In this post I would like to describe my approach to running Java applications in Docker containers. The key takeaway is that by reducing the base image, one wins a solid foundation, uncluttered of miscellaneous and unnecessary dependencies, which makes it easier to audit for security issues and avoid potential dependency conflicts. This post, unlike most others on this blog, does not describe a particular usecase for weave network, instead the intent is to shares the outcome of one of many engineering activities Weaveworks team does.
Background and Motivation
While working on one of our latest demo, I have yet again faced the issue of how many containers there are on Docker registry for every popular open-source service components. Two containers I needed were ElasticSearch and Apache Spark. After looking around for a while, I figured that reading other people’s Dockerfiles would take me longer then writing my own.
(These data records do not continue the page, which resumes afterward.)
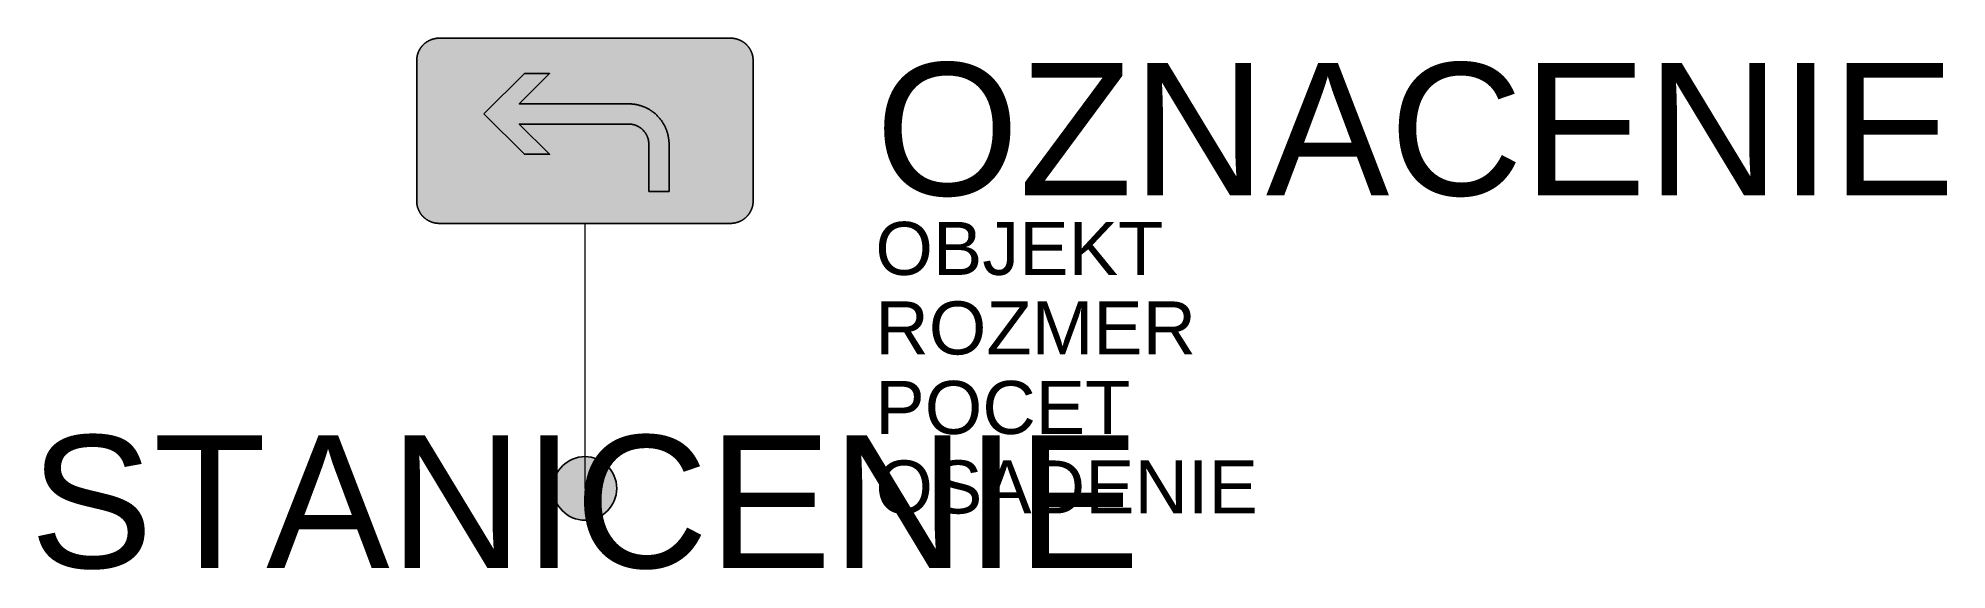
# Model space of a CAD drawing. Header units: metres. Extents: x -10.3 to 25.7, y -1.5 to 8.5.
import ezdxf
from ezdxf.enums import TextEntityAlignment as Align

# ---------------------------------------------------------------- set-up
doc = ezdxf.new("R2010")
doc.units = ezdxf.units.M
doc.layers.get('Defpoints').update_dxf_attribs({"color": 140, "lineweight": 5})
doc.styles.get("Standard").update_dxf_attribs({"font": 'arial.ttf'})

msp = doc.modelspace()

# ---------------------------------------------------------------- hatches: boundary and pattern name
at = {"true_color": 0xf1efea}
msp.add_hatch(color=7, dxfattribs=at).paths.add_polyline_path([(-2.752, 5), (-2.757, 5), (-2.762, 5), (-2.767, 5), (-2.773, 5), (-2.778, 5.001), (-2.783, 5.001), (-2.788, 5.002), (-2.793, 5.002), (-2.799, 5.003), (-2.804, 5.003), (-2.809, 5.004), (-2.814, 5.005), (-2.819, 5.005), (-2.824, 5.006), (-2.83, 5.007), (-2.835, 5.008), (-2.84, 5.009), (-2.845, 5.01), (-2.85, 5.012), (-2.855, 5.013), (-2.86, 5.014), (-2.865, 5.015), (-2.87, 5.017), (-2.875, 5.018), (-2.88, 5.02), (-2.885, 5.021), (-2.89, 5.023), (-2.894, 5.025), (-2.899, 5.027), (-2.904, 5.028), (-2.909, 5.03), (-2.914, 5.032), (-2.918, 5.034), (-2.923, 5.036), (-2.928, 5.038), (-2.933, 5.041), (-2.937, 5.043), (-2.942, 5.045), (-2.946, 5.047), (-2.951, 5.05), (-2.956, 5.052), (-2.96, 5.055), (-2.965, 5.057), (-2.969, 5.06), (-2.973, 5.063), (-2.978, 5.065), (-2.982, 5.068), (-2.987, 5.071), (-2.991, 5.074), (-2.995, 5.077), (-2.999, 5.08), (-3.004, 5.083), (-3.008, 5.086), (-3.012, 5.089), (-3.016, 5.093), (-3.02, 5.096), (-3.024, 5.099), (-3.028, 5.103), (-3.032, 5.106), (-3.036, 5.109), (-3.04, 5.113), (-3.044, 5.117), (-3.047, 5.12), (-3.051, 5.124), (-3.055, 5.128), (-3.058, 5.131), (-3.062, 5.135), (-3.065, 5.139), (-3.069, 5.143), (-3.072, 5.147), (-3.076, 5.151), (-3.079, 5.155), (-3.082, 5.159), (-3.086, 5.163), (-3.089, 5.167), (-3.092, 5.171), (-3.095, 5.176), (-3.098, 5.18), (-3.101, 5.184), (-3.104, 5.188), (-3.107, 5.193), (-3.109, 5.197), (-3.112, 5.201), (-3.115, 5.206), (-3.118, 5.21), (-3.12, 5.215), (-3.123, 5.219), (-3.125, 5.224), (-3.128, 5.229), (-3.13, 5.233), (-3.132, 5.238), (-3.134, 5.242), (-3.137, 5.247), (-3.139, 5.252), (-3.141, 5.256), (-3.143, 5.261), (-3.145, 5.266), (-3.147, 5.271), (-3.148, 5.276), (-3.15, 5.281), (-3.152, 5.285), (-3.154, 5.29), (-3.155, 5.295), (-3.157, 5.3), (-3.158, 5.305), (-3.16, 5.31), (-3.161, 5.315), (-3.162, 5.32), (-3.164, 5.325), (-3.165, 5.33), (-3.166, 5.335), (-3.167, 5.34), (-3.168, 5.345), (-3.169, 5.351), (-3.17, 5.356), (-3.17, 5.361), (-3.171, 5.366), (-3.172, 5.371), (-3.172, 5.376), (-3.173, 5.381), (-3.173, 5.387), (-3.174, 5.392), (-3.174, 5.397), (-3.174, 5.402), (-3.175, 5.408), (-3.175, 5.413), (-3.175, 5.418), (-3.175, 5.423), (-3.175, 8.069), (-3.175, 8.074), (-3.175, 8.08), (-3.175, 8.085), (-3.174, 8.09), (-3.174, 8.095), (-3.174, 8.101), (-3.173, 8.106), (-3.173, 8.111), (-3.172, 8.116), (-3.172, 8.121), (-3.171, 8.126), (-3.17, 8.132), (-3.17, 8.137), (-3.169, 8.142), (-3.168, 8.147), (-3.167, 8.152), (-3.166, 8.157), (-3.165, 8.162), (-3.164, 8.167), (-3.162, 8.172), (-3.161, 8.177), (-3.16, 8.182), (-3.158, 8.187), (-3.157, 8.192), (-3.155, 8.197), (-3.154, 8.202), (-3.152, 8.207), (-3.15, 8.212), (-3.148, 8.217), (-3.147, 8.222), (-3.145, 8.226), (-3.143, 8.231), (-3.141, 8.236), (-3.139, 8.241), (-3.137, 8.245), (-3.134, 8.25), (-3.132, 8.255), (-3.13, 8.259), (-3.128, 8.264), (-3.125, 8.268), (-3.123, 8.273), (-3.12, 8.278), (-3.118, 8.282), (-3.115, 8.286), (-3.112, 8.291), (-3.109, 8.295), (-3.107, 8.3), (-3.104, 8.304), (-3.101, 8.308), (-3.098, 8.313), (-3.095, 8.317), (-3.092, 8.321), (-3.089, 8.325), (-3.086, 8.329), (-3.082, 8.333), (-3.079, 8.337), (-3.076, 8.341), (-3.072, 8.345), (-3.069, 8.349), (-3.065, 8.353), (-3.062, 8.357), (-3.058, 8.361), (-3.055, 8.365), (-3.051, 8.368), (-3.047, 8.372), (-3.044, 8.376), (-3.04, 8.379), (-3.036, 8.383), (-3.032, 8.386), (-3.028, 8.39), (-3.024, 8.393), (-3.02, 8.397), (-3.016, 8.4), (-3.012, 8.403), (-3.008, 8.406), (-3.004, 8.409), (-2.999, 8.412), (-2.995, 8.415), (-2.991, 8.418), (-2.987, 8.421), (-2.982, 8.424), (-2.978, 8.427), (-2.973, 8.43), (-2.969, 8.432), (-2.965, 8.435), (-2.96, 8.438), (-2.956, 8.44), (-2.951, 8.443), (-2.946, 8.445), (-2.942, 8.447), (-2.937, 8.45), (-2.933, 8.452), (-2.928, 8.454), (-2.923, 8.456), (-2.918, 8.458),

Sometime earlier, I prototyped a very simple JDK base container that had not much apart from busybox, curl and Oracle JDK. The reason I have picked Oracle’s implementation instead of OpenJDK, is that it does not depend on any shared libraries and thereby can be installed on a bare-basic OS, such as one based on busybox. I have originally tested it with a large Clojure project that had been compiled to an uberjar, and it worked with just a small addition of C++ runtime (libstdcpp) that was needed by one native library that in turns was a dependency of DataStax Cassandra driver. So I decide to give my JDK container a full spin, using an off-the-shelf open-source application.
Without too much work I have managed to build a container for ElasticSearch, and then Spark, which also have some child images all of which are available on the registry. Interestingly enough, I came across same library (that is libsnappy) and installed libcpp again, later I also added another very commonly used library, zlib, for some other dependency. Having satisfied these dependencies, I was pretty much done with it. Although, I have quickly realised that JDK is still an overkill for what I am running, and all I really need for most part is the JRE. Hence, I have moved on and build an even smaller JRE base container, on which ElasticSearch as well as Spark ran happily.
The Dockerfiles for my base containers can be found here:
These are pretty generic, and you should be able to use them. The size of the JRE version is 2 times smaller then the size of Docker’s official OpenJDK JRE build.
The containers I needed to build primarily were ElasticSearch and Spark ones, but along the side I have also need to compile a few different JVM-based project, so errordeveloper/mvn, errordeveloper/sbt as well as errordeveloper/lein came out as a byproduct. You are welcome use my Spark and ElasticSearch Dockerfiles Dockerfiles as a reference, although they are slightly tweaked for the specific purpose I have had, whereby I set DNS to be preferred method of hostname resolution. However, you should be able to use the mvn, sbt and lein images as they are.
Usage Example: Build and Run a Clojure App
If you have a Clojure project, you can simply compile it like so from the project directory:
docker run -v `pwd`:/io errordeveloper/lein uberjar
And then deploy with:
docker run -v `pwd`/target:/app errordeveloper/oracle-jre /app/standalone.jar
Make sure to set correct the name of the jar to match what you have.
As you can see, it’s practically feasible to avoid pulling an entire Linux distribution to provide a base container for your JVM-based application. The most important advantage of taking this approach is to minimise the base set of dependencies, as any modern applications you are likely to run is in itself already complex enough. The size of image on disk is of some benefit too, it’s not critical however.